Alcohol Abuse in Mississippi

Out of the 2,842,935 people residing in Mississippi, 1,307,750 do not consume alcohol and 767,592 report that they drink alcohol once a week or less. So, 2,046,913 people in Mississippi do not drink at a level that would be considered unhealthy or abusive. However, 710,734 people in Mississippi drink enough alcohol on a regular basis to be considered abusers of alcohol.

Getting yourself or someone you love into an alcohol treatment center is vital to recovering from alcohol abuse. There are 75,000 alcohol related deaths each year with an annual economic cost of 184 billion dollars.

Studies on the effects of alcohol advertising on adults in the state of Mississippi do not show a strong connection between alcohol advertisements and alcohol consumption. However, studies on the effects of alcohol advertising consistently indicate that children in that are exposed to these types of advertisements are more likely to have a favorable attitude toward drinking alcohol and are more likely to become underage drinkers and communicate the intention to most likely drink as an adult.

Drug Abuse Statistics in

Approximately 267,236 people in Mississippi abuse some type of illegal drug.

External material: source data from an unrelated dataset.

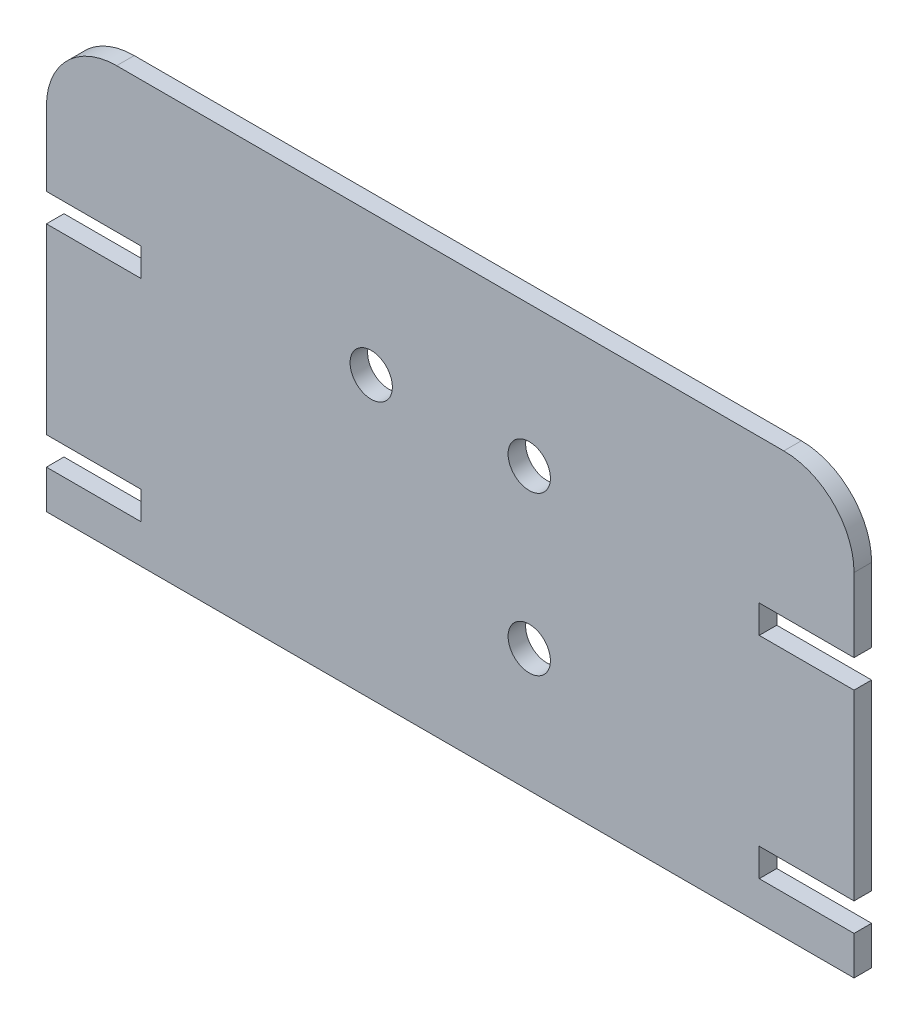
ISO-10303-21;
HEADER;
FILE_DESCRIPTION(('STEP AP214'),'2;1');
FILE_NAME('part.step','',(''),(''),'','','');
FILE_SCHEMA(('AUTOMOTIVE_DESIGN { 1 0 10303 214 1 1 1 1 }'));
ENDSEC;
DATA;
#1=APPLICATION_CONTEXT('core data for automotive mechanical design processes');
#2=APPLICATION_PROTOCOL_DEFINITION('international standard','automotive_design',2000,#1);
#3=PRODUCT_CONTEXT('',#1,'mechanical');
#4=PRODUCT('Part','Part','',(#3));
#5=PRODUCT_RELATED_PRODUCT_CATEGORY('part','',(#4));
#6=PRODUCT_DEFINITION_FORMATION('','',#4);
#7=PRODUCT_DEFINITION_CONTEXT('part definition',#1,'design');
#8=PRODUCT_DEFINITION('design','',#6,#7);
#9=PRODUCT_DEFINITION_SHAPE('','',#8);
#10=(LENGTH_UNIT() NAMED_UNIT(*) SI_UNIT(.MILLI.,.METRE.));
#11=(NAMED_UNIT(*) PLANE_ANGLE_UNIT() SI_UNIT($,.RADIAN.));
#12=(NAMED_UNIT(*) SI_UNIT($,.STERADIAN.) SOLID_ANGLE_UNIT());
#13=UNCERTAINTY_MEASURE_WITH_UNIT(LENGTH_MEASURE(1.E-05),#10,'distance_accuracy_value','');
#14=(GEOMETRIC_REPRESENTATION_CONTEXT(3) GLOBAL_UNCERTAINTY_ASSIGNED_CONTEXT((#13)) GLOBAL_UNIT_ASSIGNED_CONTEXT((#10,
#11,#12)) REPRESENTATION_CONTEXT('',''));
#15=CARTESIAN_POINT('',(0.,0.,0.));
#16=DIRECTION('',(0.,0.,1.));
#17=DIRECTION('',(1.,0.,0.));
#18=AXIS2_PLACEMENT_3D('',#15,#16,#17);
#19=CARTESIAN_POINT('',(115.,-60.,5.));
#20=DIRECTION('',(-1.,0.,0.));
#21=DIRECTION('',(0.,0.,1.));
#22=AXIS2_PLACEMENT_3D('',#19,#20,#21);
#23=PLANE('',#22);
#24=DIRECTION('',(0.,1.,0.));
#25=VECTOR('',#24,1.);
#26=CARTESIAN_POINT('',(115.,-60.,0.));
#27=LINE('',#26,#25);
#28=CARTESIAN_POINT('',(115.,19.0000000007499,0.));
#29=VERTEX_POINT('',#28);
#30=CARTESIAN_POINT('',(115.,40.,0.));
#31=VERTEX_POINT('',#30);
#32=EDGE_CURVE('E240',#29,#31,#27,.T.);
#33=ORIENTED_EDGE('',*,*,#32,.T.);
#34=DIRECTION('',(0.,0.,-1.));
#35=VECTOR('',#34,1.);
#36=CARTESIAN_POINT('',(115.,40.,5.));
#37=LINE('',#36,#35);
#38=CARTESIAN_POINT('',(115.,40.,5.));
#39=VERTEX_POINT('',#38);
#40=EDGE_CURVE('E62',#31,#39,#37,.F.);
#41=ORIENTED_EDGE('',*,*,#40,.T.);
#42=DIRECTION('',(0.,1.,0.));
#43=VECTOR('',#42,1.);
#44=CARTESIAN_POINT('',(115.,-60.,5.));
#45=LINE('',#44,#43);
#46=CARTESIAN_POINT('',(115.,19.0000000007499,5.));
#47=VERTEX_POINT('',#46);
#48=EDGE_CURVE('E251',#47,#39,#45,.T.);
#49=ORIENTED_EDGE('',*,*,#48,.F.);
#50=DIRECTION('',(0.,0.,-1.));
#51=VECTOR('',#50,1.);
#52=CARTESIAN_POINT('',(115.,19.0000000007499,5.001));
#53=LINE('',#52,#51);
#54=EDGE_CURVE('E293',#47,#29,#53,.T.);
#55=ORIENTED_EDGE('',*,*,#54,.T.);
#56=EDGE_LOOP('',(#33,#41,#49,#55));
#57=FACE_BOUND('',#56,.T.);
#58=ADVANCED_FACE('F38',(#57),#23,.F.);
#59=CARTESIAN_POINT('',(115.,-40.9999999999375,0.));
#60=VERTEX_POINT('',#59);
#61=CARTESIAN_POINT('',(115.,11.0000000000625,0.));
#62=VERTEX_POINT('',#61);
#63=EDGE_CURVE('E239',#60,#62,#27,.T.);
#64=ORIENTED_EDGE('',*,*,#63,.T.);
#65=DIRECTION('',(0.,0.,-1.));
#66=VECTOR('',#65,1.);
#67=CARTESIAN_POINT('',(115.,11.0000000000625,5.001));
#68=LINE('',#67,#66);
#69=CARTESIAN_POINT('',(115.,11.0000000000625,5.));
#70=VERTEX_POINT('',#69);
#71=EDGE_CURVE('E387',#70,#62,#68,.T.);
#72=ORIENTED_EDGE('',*,*,#71,.F.);
#73=CARTESIAN_POINT('',(115.,-40.9999999999375,5.));
#74=VERTEX_POINT('',#73);
#75=EDGE_CURVE('E314',#74,#70,#45,.T.);
#76=ORIENTED_EDGE('',*,*,#75,.F.);
#77=DIRECTION('',(0.,0.,-1.));
#78=VECTOR('',#77,1.);
#79=CARTESIAN_POINT('',(115.,-40.9999999999375,5.001));
#80=LINE('',#79,#78);
#81=EDGE_CURVE('E346',#74,#60,#80,.T.);
#82=ORIENTED_EDGE('',*,*,#81,.T.);
#83=EDGE_LOOP('',(#64,#72,#76,#82));
#84=FACE_BOUND('',#83,.T.);
#85=ADVANCED_FACE('F431',(#84),#23,.F.);
#86=CARTESIAN_POINT('',(-115.,-60.,5.));
#87=DIRECTION('',(1.,0.,0.));
#88=DIRECTION('',(0.,0.,-1.));
#89=AXIS2_PLACEMENT_3D('',#86,#87,#88);
#90=PLANE('',#89);
#91=DIRECTION('',(0.,-1.,0.));
#92=VECTOR('',#91,1.);
#93=CARTESIAN_POINT('',(-115.,-60.,5.));
#94=LINE('',#93,#92);
#95=CARTESIAN_POINT('',(-115.,-49.000000000625,5.));
#96=VERTEX_POINT('',#95);
#97=CARTESIAN_POINT('',(-115.,-60.,5.));
#98=VERTEX_POINT('',#97);
#99=EDGE_CURVE('E222',#96,#98,#94,.T.);
#100=ORIENTED_EDGE('',*,*,#99,.F.);
#101=DIRECTION('',(0.,0.,-1.));
#102=VECTOR('',#101,1.);
#103=CARTESIAN_POINT('',(-115.,-49.000000000625,5.001));
#104=LINE('',#103,#102);
#105=CARTESIAN_POINT('',(-115.,-49.000000000625,0.));
#106=VERTEX_POINT('',#105);
#107=EDGE_CURVE('E202',#96,#106,#104,.T.);
#108=ORIENTED_EDGE('',*,*,#107,.T.);
#109=DIRECTION('',(0.,-1.,0.));
#110=VECTOR('',#109,1.);
#111=CARTESIAN_POINT('',(-115.,-60.,0.));
#112=LINE('',#111,#110);
#113=CARTESIAN_POINT('',(-115.,-60.,0.));
#114=VERTEX_POINT('',#113);
#115=EDGE_CURVE('E244',#106,#114,#112,.T.);
#116=ORIENTED_EDGE('',*,*,#115,.T.);
#117=DIRECTION('',(0.,0.,-1.));
#118=VECTOR('',#117,1.);
#119=CARTESIAN_POINT('',(-115.,-60.,5.));
#120=LINE('',#119,#118);
#121=EDGE_CURVE('E255',#98,#114,#120,.T.);
#122=ORIENTED_EDGE('',*,*,#121,.F.);
#123=EDGE_LOOP('',(#100,#108,#116,#122));
#124=FACE_BOUND('',#123,.T.);
#125=ADVANCED_FACE('F327',(#124),#90,.F.);
#126=CARTESIAN_POINT('',(-115.,11.0000000000625,0.));
#127=VERTEX_POINT('',#126);
#128=CARTESIAN_POINT('',(-115.,-40.9999999999375,0.));
#129=VERTEX_POINT('',#128);
#130=EDGE_CURVE('E211',#127,#129,#112,.T.);
#131=ORIENTED_EDGE('',*,*,#130,.T.);
#132=DIRECTION('',(0.,0.,-1.));
#133=VECTOR('',#132,1.);
#134=CARTESIAN_POINT('',(-115.,-40.9999999999375,5.001));
#135=LINE('',#134,#133);
#136=CARTESIAN_POINT('',(-115.,-40.9999999999375,5.));
#137=VERTEX_POINT('',#136);
#138=EDGE_CURVE('E194',#137,#129,#135,.T.);
#139=ORIENTED_EDGE('',*,*,#138,.F.);
#140=CARTESIAN_POINT('',(-115.,11.0000000000625,5.));
#141=VERTEX_POINT('',#140);
#142=EDGE_CURVE('E209',#141,#137,#94,.T.);
#143=ORIENTED_EDGE('',*,*,#142,.F.);
#144=DIRECTION('',(0.,0.,-1.));
#145=VECTOR('',#144,1.);
#146=CARTESIAN_POINT('',(-115.,11.0000000000625,5.001));
#147=LINE('',#146,#145);
#148=EDGE_CURVE('E300',#141,#127,#147,.T.);
#149=ORIENTED_EDGE('',*,*,#148,.T.);
#150=EDGE_LOOP('',(#131,#139,#143,#149));
#151=FACE_BOUND('',#150,.T.);
#152=ADVANCED_FACE('F207',(#151),#90,.F.);
#153=CARTESIAN_POINT('',(115.,-60.,0.));
#154=VERTEX_POINT('',#153);
#155=CARTESIAN_POINT('',(115.,-49.000000000625,0.));
#156=VERTEX_POINT('',#155);
#157=EDGE_CURVE('E234',#154,#156,#27,.T.);
#158=ORIENTED_EDGE('',*,*,#157,.T.);
#159=DIRECTION('',(0.,0.,-1.));
#160=VECTOR('',#159,1.);
#161=CARTESIAN_POINT('',(115.,-49.000000000625,5.001));
#162=LINE('',#161,#160);
#163=CARTESIAN_POINT('',(115.,-49.000000000625,5.));
#164=VERTEX_POINT('',#163);
#165=EDGE_CURVE('E342',#164,#156,#162,.T.);
#166=ORIENTED_EDGE('',*,*,#165,.F.);
#167=CARTESIAN_POINT('',(115.,-60.,5.));
#168=VERTEX_POINT('',#167);
#169=EDGE_CURVE('E286',#168,#164,#45,.T.);
#170=ORIENTED_EDGE('',*,*,#169,.F.);
#171=DIRECTION('',(0.,0.,-1.));
#172=VECTOR('',#171,1.);
#173=CARTESIAN_POINT('',(115.,-60.,5.));
#174=LINE('',#173,#172);
#175=EDGE_CURVE('E233',#168,#154,#174,.T.);
#176=ORIENTED_EDGE('',*,*,#175,.T.);
#177=EDGE_LOOP('',(#158,#166,#170,#176));
#178=FACE_BOUND('',#177,.T.);
#179=ADVANCED_FACE('F341',(#178),#23,.F.);
#180=CARTESIAN_POINT('',(-115.,60.,5.));
#181=DIRECTION('',(0.,-1.,0.));
#182=DIRECTION('',(0.,0.,-1.));
#183=AXIS2_PLACEMENT_3D('',#180,#181,#182);
#184=PLANE('',#183);
#185=DIRECTION('',(-1.,0.,0.));
#186=VECTOR('',#185,1.);
#187=CARTESIAN_POINT('',(-115.,60.,5.));
#188=LINE('',#187,#186);
#189=CARTESIAN_POINT('',(95.,60.,5.));
#190=VERTEX_POINT('',#189);
#191=CARTESIAN_POINT('',(-95.,60.,5.));
#192=VERTEX_POINT('',#191);
#193=EDGE_CURVE('E227',#190,#192,#188,.T.);
#194=ORIENTED_EDGE('',*,*,#193,.F.);
#195=DIRECTION('',(0.,0.,-1.));
#196=VECTOR('',#195,1.);
#197=CARTESIAN_POINT('',(95.,60.,5.));
#198=LINE('',#197,#196);
#199=CARTESIAN_POINT('',(95.,60.,0.));
#200=VERTEX_POINT('',#199);
#201=EDGE_CURVE('E262',#190,#200,#198,.T.);
#202=ORIENTED_EDGE('',*,*,#201,.T.);
#203=DIRECTION('',(-1.,0.,0.));
#204=VECTOR('',#203,1.);
#205=CARTESIAN_POINT('',(-115.,60.,0.));
#206=LINE('',#205,#204);
#207=CARTESIAN_POINT('',(-95.,60.,0.));
#208=VERTEX_POINT('',#207);
#209=EDGE_CURVE('E238',#200,#208,#206,.T.);
#210=ORIENTED_EDGE('',*,*,#209,.T.);
#211=DIRECTION('',(0.,0.,-1.));
#212=VECTOR('',#211,1.);
#213=CARTESIAN_POINT('',(-95.,60.,5.));
#214=LINE('',#213,#212);
#215=EDGE_CURVE('E259',#208,#192,#214,.F.);
#216=ORIENTED_EDGE('',*,*,#215,.T.);
#217=EDGE_LOOP('',(#194,#202,#210,#216));
#218=FACE_BOUND('',#217,.T.);
#219=ADVANCED_FACE('F282',(#218),#184,.F.);
#220=CARTESIAN_POINT('',(-115.,40.,5.));
#221=VERTEX_POINT('',#220);
#222=CARTESIAN_POINT('',(-115.,19.0000000007499,5.));
#223=VERTEX_POINT('',#222);
#224=EDGE_CURVE('E221',#221,#223,#94,.T.);
#225=ORIENTED_EDGE('',*,*,#224,.F.);
#226=DIRECTION('',(0.,0.,-1.));
#227=VECTOR('',#226,1.);
#228=CARTESIAN_POINT('',(-115.,40.,5.));
#229=LINE('',#228,#227);
#230=CARTESIAN_POINT('',(-115.,40.,0.));
#231=VERTEX_POINT('',#230);
#232=EDGE_CURVE('E11',#221,#231,#229,.T.);
#233=ORIENTED_EDGE('',*,*,#232,.T.);
#234=CARTESIAN_POINT('',(-115.,19.0000000007499,0.));
#235=VERTEX_POINT('',#234);
#236=EDGE_CURVE('E245',#231,#235,#112,.T.);
#237=ORIENTED_EDGE('',*,*,#236,.T.);
#238=DIRECTION('',(0.,0.,-1.));
#239=VECTOR('',#238,1.);
#240=CARTESIAN_POINT('',(-115.,19.0000000007499,5.001));
#241=LINE('',#240,#239);
#242=EDGE_CURVE('E310',#223,#235,#241,.T.);
#243=ORIENTED_EDGE('',*,*,#242,.F.);
#244=EDGE_LOOP('',(#225,#233,#237,#243));
#245=FACE_BOUND('',#244,.T.);
#246=ADVANCED_FACE('F423',(#245),#90,.F.);
#247=CARTESIAN_POINT('',(-115.,-60.,5.));
#248=DIRECTION('',(0.,1.,0.));
#249=DIRECTION('',(0.,0.,1.));
#250=AXIS2_PLACEMENT_3D('',#247,#248,#249);
#251=PLANE('',#250);
#252=DIRECTION('',(1.,0.,0.));
#253=VECTOR('',#252,1.);
#254=CARTESIAN_POINT('',(-115.,-60.,0.));
#255=LINE('',#254,#253);
#256=EDGE_CURVE('E248',#114,#154,#255,.T.);
#257=ORIENTED_EDGE('',*,*,#256,.T.);
#258=ORIENTED_EDGE('',*,*,#175,.F.);
#259=DIRECTION('',(1.,0.,0.));
#260=VECTOR('',#259,1.);
#261=CARTESIAN_POINT('',(-115.,-60.,5.));
#262=LINE('',#261,#260);
#263=EDGE_CURVE('E226',#98,#168,#262,.T.);
#264=ORIENTED_EDGE('',*,*,#263,.F.);
#265=ORIENTED_EDGE('',*,*,#121,.T.);
#266=EDGE_LOOP('',(#257,#258,#264,#265));
#267=FACE_BOUND('',#266,.T.);
#268=ADVANCED_FACE('F332',(#267),#251,.F.);
#269=CARTESIAN_POINT('',(0.,0.,5.));
#270=DIRECTION('',(0.,0.,-1.));
#271=DIRECTION('',(-1.,0.,0.));
#272=AXIS2_PLACEMENT_3D('',#269,#270,#271);
#273=PLANE('',#272);
#274=CARTESIAN_POINT('',(22.5,-25.,5.));
#275=DIRECTION('',(0.,0.,1.));
#276=DIRECTION('',(1.,0.,0.));
#277=AXIS2_PLACEMENT_3D('',#274,#275,#276);
#278=CIRCLE('',#277,6.025);
#279=CARTESIAN_POINT('',(28.525,-25.,5.));
#280=VERTEX_POINT('',#279);
#281=EDGE_CURVE('E530',#280,#280,#278,.T.);
#282=ORIENTED_EDGE('',*,*,#281,.F.);
#283=EDGE_LOOP('',(#282));
#284=FACE_BOUND('',#283,.T.);
#285=CARTESIAN_POINT('',(-22.5,20.,5.));
#286=DIRECTION('',(0.,0.,1.));
#287=DIRECTION('',(1.,0.,0.));
#288=AXIS2_PLACEMENT_3D('',#285,#286,#287);
#289=CIRCLE('',#288,6.025);
#290=CARTESIAN_POINT('',(-16.475,20.,5.));
#291=VERTEX_POINT('',#290);
#292=EDGE_CURVE('E521',#291,#291,#289,.T.);
#293=ORIENTED_EDGE('',*,*,#292,.F.);
#294=EDGE_LOOP('',(#293));
#295=FACE_BOUND('',#294,.T.);
#296=CARTESIAN_POINT('',(22.5,20.,5.));
#297=DIRECTION('',(0.,0.,1.));
#298=DIRECTION('',(1.,0.,0.));
#299=AXIS2_PLACEMENT_3D('',#296,#297,#298);
#300=CIRCLE('',#299,6.025);
#301=CARTESIAN_POINT('',(28.525,20.,5.));
#302=VERTEX_POINT('',#301);
#303=EDGE_CURVE('E361',#302,#302,#300,.T.);
#304=ORIENTED_EDGE('',*,*,#303,.F.);
#305=EDGE_LOOP('',(#304));
#306=FACE_BOUND('',#305,.T.);
#307=ORIENTED_EDGE('',*,*,#48,.T.);
#308=CARTESIAN_POINT('',(95.,40.,5.));
#309=DIRECTION('',(0.,0.,-1.));
#310=DIRECTION('',(-1.,0.,0.));
#311=AXIS2_PLACEMENT_3D('',#308,#309,#310);
#312=CIRCLE('',#311,20.);
#313=EDGE_CURVE('E47',#39,#190,#312,.F.);
#314=ORIENTED_EDGE('',*,*,#313,.T.);
#315=ORIENTED_EDGE('',*,*,#193,.T.);
#316=CARTESIAN_POINT('',(-95.,40.,5.));
#317=DIRECTION('',(0.,0.,-1.));
#318=DIRECTION('',(-1.,0.,0.));
#319=AXIS2_PLACEMENT_3D('',#316,#317,#318);
#320=CIRCLE('',#319,20.);
#321=EDGE_CURVE('E54',#192,#221,#320,.F.);
#322=ORIENTED_EDGE('',*,*,#321,.T.);
#323=ORIENTED_EDGE('',*,*,#224,.T.);
#324=DIRECTION('',(-1.,0.,0.));
#325=VECTOR('',#324,1.);
#326=CARTESIAN_POINT('',(-88.,19.0000000007499,5.));
#327=LINE('',#326,#325);
#328=CARTESIAN_POINT('',(-88.,19.0000000007499,5.));
#329=VERTEX_POINT('',#328);
#330=EDGE_CURVE('E295',#329,#223,#327,.T.);
#331=ORIENTED_EDGE('',*,*,#330,.F.);
#332=DIRECTION('',(0.,1.,0.));
#333=VECTOR('',#332,1.);
#334=CARTESIAN_POINT('',(-88.,11.0000000000625,5.));
#335=LINE('',#334,#333);
#336=CARTESIAN_POINT('',(-88.,11.0000000000625,5.));
#337=VERTEX_POINT('',#336);
#338=EDGE_CURVE('E201',#337,#329,#335,.T.);
#339=ORIENTED_EDGE('',*,*,#338,.F.);
#340=DIRECTION('',(1.,0.,0.));
#341=VECTOR('',#340,1.);
#342=CARTESIAN_POINT('',(-115.,11.0000000000625,5.));
#343=LINE('',#342,#341);
#344=EDGE_CURVE('E219',#141,#337,#343,.T.);
#345=ORIENTED_EDGE('',*,*,#344,.F.);
#346=ORIENTED_EDGE('',*,*,#142,.T.);
#347=DIRECTION('',(-1.,0.,0.));
#348=VECTOR('',#347,1.);
#349=CARTESIAN_POINT('',(-88.,-40.9999999999375,5.));
#350=LINE('',#349,#348);
#351=CARTESIAN_POINT('',(-88.,-40.9999999999375,5.));
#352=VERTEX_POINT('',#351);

A breakdown of this percentage shows the following:

  • 47,568 people abuse alcohol and another drug in Mississippi
  • 43,025 people abuse marijuana in Mississippi
  • 36,611 people are addicted to or abuse Heroin in Mississippi
  • 26,456 people smoke cocaine (crack) in Mississippi
  • 23,250 people use stimulants in Mississippi
  • 11,224 people use or abuse Opiates (not heroin), in Mississippi
  • 10,689 people use cocaine (e.g., cocaine powder, not crack cocaine) in Mississippi
  • 1,069 people in Mississippi abuse tranquilizers
  • 561 people use or abuse PCP in Mississippi
  • 534 people in Mississippi are addicted to or abusing sedatives
  • 294 people use hallucinogens such as lsd or ecstasy in Mississippi
  • 267 people in Mississippi abuse Inhalants
  • 1,336 people use some other type of illegal drug in the state of Mississippi

With such a large number of people in Mississippi abusing drugs or alcohol, it is critical to help these individuals get into some type of drug or alcohol treatment program. Addictionca.com provides a wide range of information on all types of drug and alcohol facilities in . If you need further information, you can call and speak to one of our registered drug counselors for assistance in finding a drug and/or alcohol treatment facility. These services are provided free of charge and the call is toll-free.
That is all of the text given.